> TO DO: Your answer should hold only the line containing "(-5.5, 3, -48.25)" and each line that follows it in the listing, copied exactly.

> EXTRACTED INFORMATION:
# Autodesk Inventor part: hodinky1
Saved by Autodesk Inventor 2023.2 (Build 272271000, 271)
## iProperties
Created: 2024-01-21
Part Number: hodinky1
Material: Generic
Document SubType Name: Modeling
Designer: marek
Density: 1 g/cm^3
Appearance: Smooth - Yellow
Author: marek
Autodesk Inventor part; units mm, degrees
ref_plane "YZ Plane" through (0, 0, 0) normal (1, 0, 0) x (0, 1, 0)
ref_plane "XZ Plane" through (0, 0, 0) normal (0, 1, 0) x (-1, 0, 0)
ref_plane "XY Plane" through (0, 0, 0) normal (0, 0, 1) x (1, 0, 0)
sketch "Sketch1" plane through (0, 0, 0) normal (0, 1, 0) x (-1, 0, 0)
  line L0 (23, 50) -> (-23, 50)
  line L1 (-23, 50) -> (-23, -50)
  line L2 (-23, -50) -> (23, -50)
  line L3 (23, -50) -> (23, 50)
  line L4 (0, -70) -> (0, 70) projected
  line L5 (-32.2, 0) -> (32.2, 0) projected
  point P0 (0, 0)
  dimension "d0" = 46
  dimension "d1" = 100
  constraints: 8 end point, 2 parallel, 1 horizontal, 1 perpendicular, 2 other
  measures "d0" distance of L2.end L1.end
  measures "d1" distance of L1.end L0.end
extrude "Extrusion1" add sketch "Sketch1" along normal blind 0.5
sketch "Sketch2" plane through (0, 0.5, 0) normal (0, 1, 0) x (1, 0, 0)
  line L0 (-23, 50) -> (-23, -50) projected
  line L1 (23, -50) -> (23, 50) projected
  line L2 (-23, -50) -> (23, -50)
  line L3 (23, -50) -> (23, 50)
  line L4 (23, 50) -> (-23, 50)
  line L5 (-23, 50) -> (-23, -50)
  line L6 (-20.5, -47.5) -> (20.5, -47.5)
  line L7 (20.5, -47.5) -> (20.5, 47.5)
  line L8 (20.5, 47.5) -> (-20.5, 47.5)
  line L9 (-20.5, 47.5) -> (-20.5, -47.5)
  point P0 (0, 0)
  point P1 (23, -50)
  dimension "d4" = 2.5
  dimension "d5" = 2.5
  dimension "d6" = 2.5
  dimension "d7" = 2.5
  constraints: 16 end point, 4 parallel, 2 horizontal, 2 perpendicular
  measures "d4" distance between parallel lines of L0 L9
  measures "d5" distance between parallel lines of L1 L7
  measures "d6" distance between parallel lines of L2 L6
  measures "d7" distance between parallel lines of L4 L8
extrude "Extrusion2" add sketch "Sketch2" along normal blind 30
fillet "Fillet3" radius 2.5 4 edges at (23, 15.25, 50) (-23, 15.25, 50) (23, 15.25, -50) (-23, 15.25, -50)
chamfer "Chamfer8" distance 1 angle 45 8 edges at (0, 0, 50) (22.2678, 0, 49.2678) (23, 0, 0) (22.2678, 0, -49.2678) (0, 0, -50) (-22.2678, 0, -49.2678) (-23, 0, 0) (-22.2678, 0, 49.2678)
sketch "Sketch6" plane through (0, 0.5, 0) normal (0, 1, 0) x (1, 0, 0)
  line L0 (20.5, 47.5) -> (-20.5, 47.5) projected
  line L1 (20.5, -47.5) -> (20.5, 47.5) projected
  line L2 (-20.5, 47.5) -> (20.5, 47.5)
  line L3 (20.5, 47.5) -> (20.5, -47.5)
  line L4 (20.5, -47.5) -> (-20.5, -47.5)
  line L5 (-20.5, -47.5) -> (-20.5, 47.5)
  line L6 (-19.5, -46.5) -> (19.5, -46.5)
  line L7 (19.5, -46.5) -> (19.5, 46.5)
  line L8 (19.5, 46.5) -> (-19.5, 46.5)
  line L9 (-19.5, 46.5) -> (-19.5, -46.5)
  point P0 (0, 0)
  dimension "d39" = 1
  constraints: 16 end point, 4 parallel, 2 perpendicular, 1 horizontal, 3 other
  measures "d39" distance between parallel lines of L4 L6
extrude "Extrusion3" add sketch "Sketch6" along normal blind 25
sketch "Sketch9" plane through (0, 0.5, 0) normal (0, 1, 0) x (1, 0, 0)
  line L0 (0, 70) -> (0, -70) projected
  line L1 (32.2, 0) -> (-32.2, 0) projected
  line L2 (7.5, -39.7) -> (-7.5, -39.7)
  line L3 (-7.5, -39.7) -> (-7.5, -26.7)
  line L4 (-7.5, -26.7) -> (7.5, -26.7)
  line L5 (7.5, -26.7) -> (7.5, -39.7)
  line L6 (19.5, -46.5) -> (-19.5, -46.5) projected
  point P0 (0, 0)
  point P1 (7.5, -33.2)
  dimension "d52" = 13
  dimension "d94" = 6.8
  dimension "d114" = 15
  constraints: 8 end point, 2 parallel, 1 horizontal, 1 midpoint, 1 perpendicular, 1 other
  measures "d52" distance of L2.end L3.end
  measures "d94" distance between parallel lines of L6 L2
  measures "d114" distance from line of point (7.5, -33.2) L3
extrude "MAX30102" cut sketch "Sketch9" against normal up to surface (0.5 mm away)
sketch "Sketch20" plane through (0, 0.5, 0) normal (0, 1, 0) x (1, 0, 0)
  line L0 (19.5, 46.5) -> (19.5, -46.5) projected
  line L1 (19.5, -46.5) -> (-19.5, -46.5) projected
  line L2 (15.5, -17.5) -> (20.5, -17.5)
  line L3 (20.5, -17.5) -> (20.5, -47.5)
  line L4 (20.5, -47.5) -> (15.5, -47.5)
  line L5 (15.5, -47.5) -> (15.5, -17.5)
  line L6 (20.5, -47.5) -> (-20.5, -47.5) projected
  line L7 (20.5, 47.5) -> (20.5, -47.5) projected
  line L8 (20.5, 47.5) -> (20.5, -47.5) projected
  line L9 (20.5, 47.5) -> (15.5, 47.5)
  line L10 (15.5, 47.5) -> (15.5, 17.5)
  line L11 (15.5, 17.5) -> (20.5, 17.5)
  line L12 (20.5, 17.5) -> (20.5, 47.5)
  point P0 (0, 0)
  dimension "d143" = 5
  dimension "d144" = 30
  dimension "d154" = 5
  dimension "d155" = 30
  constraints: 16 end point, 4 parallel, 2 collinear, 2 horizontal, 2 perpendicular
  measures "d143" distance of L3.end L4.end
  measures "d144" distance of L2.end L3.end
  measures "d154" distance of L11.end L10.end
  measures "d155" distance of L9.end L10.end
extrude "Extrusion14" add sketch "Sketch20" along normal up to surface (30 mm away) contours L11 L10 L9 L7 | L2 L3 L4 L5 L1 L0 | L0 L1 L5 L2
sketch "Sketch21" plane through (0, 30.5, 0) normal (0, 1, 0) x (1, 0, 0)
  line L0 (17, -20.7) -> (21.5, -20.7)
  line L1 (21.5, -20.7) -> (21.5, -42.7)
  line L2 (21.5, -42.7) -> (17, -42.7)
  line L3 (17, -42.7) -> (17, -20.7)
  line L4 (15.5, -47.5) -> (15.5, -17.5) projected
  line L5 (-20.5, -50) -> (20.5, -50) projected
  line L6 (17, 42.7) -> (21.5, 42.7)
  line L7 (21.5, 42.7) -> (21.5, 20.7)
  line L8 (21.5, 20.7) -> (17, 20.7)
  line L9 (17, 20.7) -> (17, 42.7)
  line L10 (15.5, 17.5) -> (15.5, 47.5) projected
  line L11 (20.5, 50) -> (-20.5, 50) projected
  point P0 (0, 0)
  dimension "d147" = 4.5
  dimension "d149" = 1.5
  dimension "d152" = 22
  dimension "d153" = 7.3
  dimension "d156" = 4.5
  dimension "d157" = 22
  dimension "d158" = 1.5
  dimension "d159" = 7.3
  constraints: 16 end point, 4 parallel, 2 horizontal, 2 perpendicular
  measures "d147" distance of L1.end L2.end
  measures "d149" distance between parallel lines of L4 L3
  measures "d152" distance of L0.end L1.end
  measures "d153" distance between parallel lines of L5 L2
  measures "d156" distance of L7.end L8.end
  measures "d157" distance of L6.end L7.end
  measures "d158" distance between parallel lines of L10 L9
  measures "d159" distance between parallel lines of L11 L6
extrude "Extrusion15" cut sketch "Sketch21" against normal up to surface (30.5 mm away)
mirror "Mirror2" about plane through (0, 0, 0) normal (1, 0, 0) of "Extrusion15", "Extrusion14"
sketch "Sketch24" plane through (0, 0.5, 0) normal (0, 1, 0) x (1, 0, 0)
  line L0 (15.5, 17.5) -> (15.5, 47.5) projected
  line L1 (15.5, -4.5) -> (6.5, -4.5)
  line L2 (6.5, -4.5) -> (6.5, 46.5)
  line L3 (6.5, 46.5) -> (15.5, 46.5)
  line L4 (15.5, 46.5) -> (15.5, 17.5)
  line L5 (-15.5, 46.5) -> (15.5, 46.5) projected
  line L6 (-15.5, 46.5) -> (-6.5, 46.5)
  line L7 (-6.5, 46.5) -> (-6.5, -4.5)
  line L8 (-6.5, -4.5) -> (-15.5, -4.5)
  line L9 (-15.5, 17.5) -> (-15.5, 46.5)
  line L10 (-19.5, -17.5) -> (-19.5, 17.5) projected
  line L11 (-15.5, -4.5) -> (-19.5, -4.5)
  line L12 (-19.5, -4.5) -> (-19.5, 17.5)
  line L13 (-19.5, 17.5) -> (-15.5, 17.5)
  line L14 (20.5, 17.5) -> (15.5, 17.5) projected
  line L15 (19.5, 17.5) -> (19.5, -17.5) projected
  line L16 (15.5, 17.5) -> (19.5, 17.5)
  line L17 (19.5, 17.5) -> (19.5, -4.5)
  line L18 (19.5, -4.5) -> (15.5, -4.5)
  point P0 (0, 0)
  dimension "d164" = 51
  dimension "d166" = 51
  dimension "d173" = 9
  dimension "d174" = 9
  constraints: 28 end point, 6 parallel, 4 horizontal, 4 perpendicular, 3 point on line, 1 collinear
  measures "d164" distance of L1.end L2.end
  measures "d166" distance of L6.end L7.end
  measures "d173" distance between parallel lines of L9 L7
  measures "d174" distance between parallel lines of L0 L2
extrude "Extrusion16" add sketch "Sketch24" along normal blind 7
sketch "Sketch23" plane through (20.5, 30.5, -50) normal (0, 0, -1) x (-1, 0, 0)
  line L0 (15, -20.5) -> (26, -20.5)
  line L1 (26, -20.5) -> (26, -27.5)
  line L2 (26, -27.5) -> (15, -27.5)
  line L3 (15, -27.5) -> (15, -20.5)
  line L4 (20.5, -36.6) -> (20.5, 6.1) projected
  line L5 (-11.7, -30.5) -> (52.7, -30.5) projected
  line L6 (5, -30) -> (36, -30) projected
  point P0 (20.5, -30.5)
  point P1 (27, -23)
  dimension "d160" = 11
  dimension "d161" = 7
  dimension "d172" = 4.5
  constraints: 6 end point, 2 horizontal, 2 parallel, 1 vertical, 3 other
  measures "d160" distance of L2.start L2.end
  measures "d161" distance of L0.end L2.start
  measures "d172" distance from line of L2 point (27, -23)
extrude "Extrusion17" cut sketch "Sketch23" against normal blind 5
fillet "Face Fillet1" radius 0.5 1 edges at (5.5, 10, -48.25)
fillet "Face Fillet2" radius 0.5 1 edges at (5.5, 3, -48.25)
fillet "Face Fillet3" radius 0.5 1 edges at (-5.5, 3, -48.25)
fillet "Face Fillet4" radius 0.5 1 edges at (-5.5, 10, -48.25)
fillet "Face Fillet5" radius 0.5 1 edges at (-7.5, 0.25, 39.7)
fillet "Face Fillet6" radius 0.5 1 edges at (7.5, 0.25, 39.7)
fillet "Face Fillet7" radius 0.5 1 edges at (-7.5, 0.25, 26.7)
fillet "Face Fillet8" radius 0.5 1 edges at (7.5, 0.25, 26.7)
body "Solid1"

> SOLUTION:
fillet "Face Fillet3" radius 0.5 1 edges at (-5.5, 3, -48.25)
fillet "Face Fillet4" radius 0.5 1 edges at (-5.5, 10, -48.25)
fillet "Face Fillet5" radius 0.5 1 edges at (-7.5, 0.25, 39.7)
fillet "Face Fillet6" radius 0.5 1 edges at (7.5, 0.25, 39.7)
fillet "Face Fillet7" radius 0.5 1 edges at (-7.5, 0.25, 26.7)
fillet "Face Fillet8" radius 0.5 1 edges at (7.5, 0.25, 26.7)
body "Solid1"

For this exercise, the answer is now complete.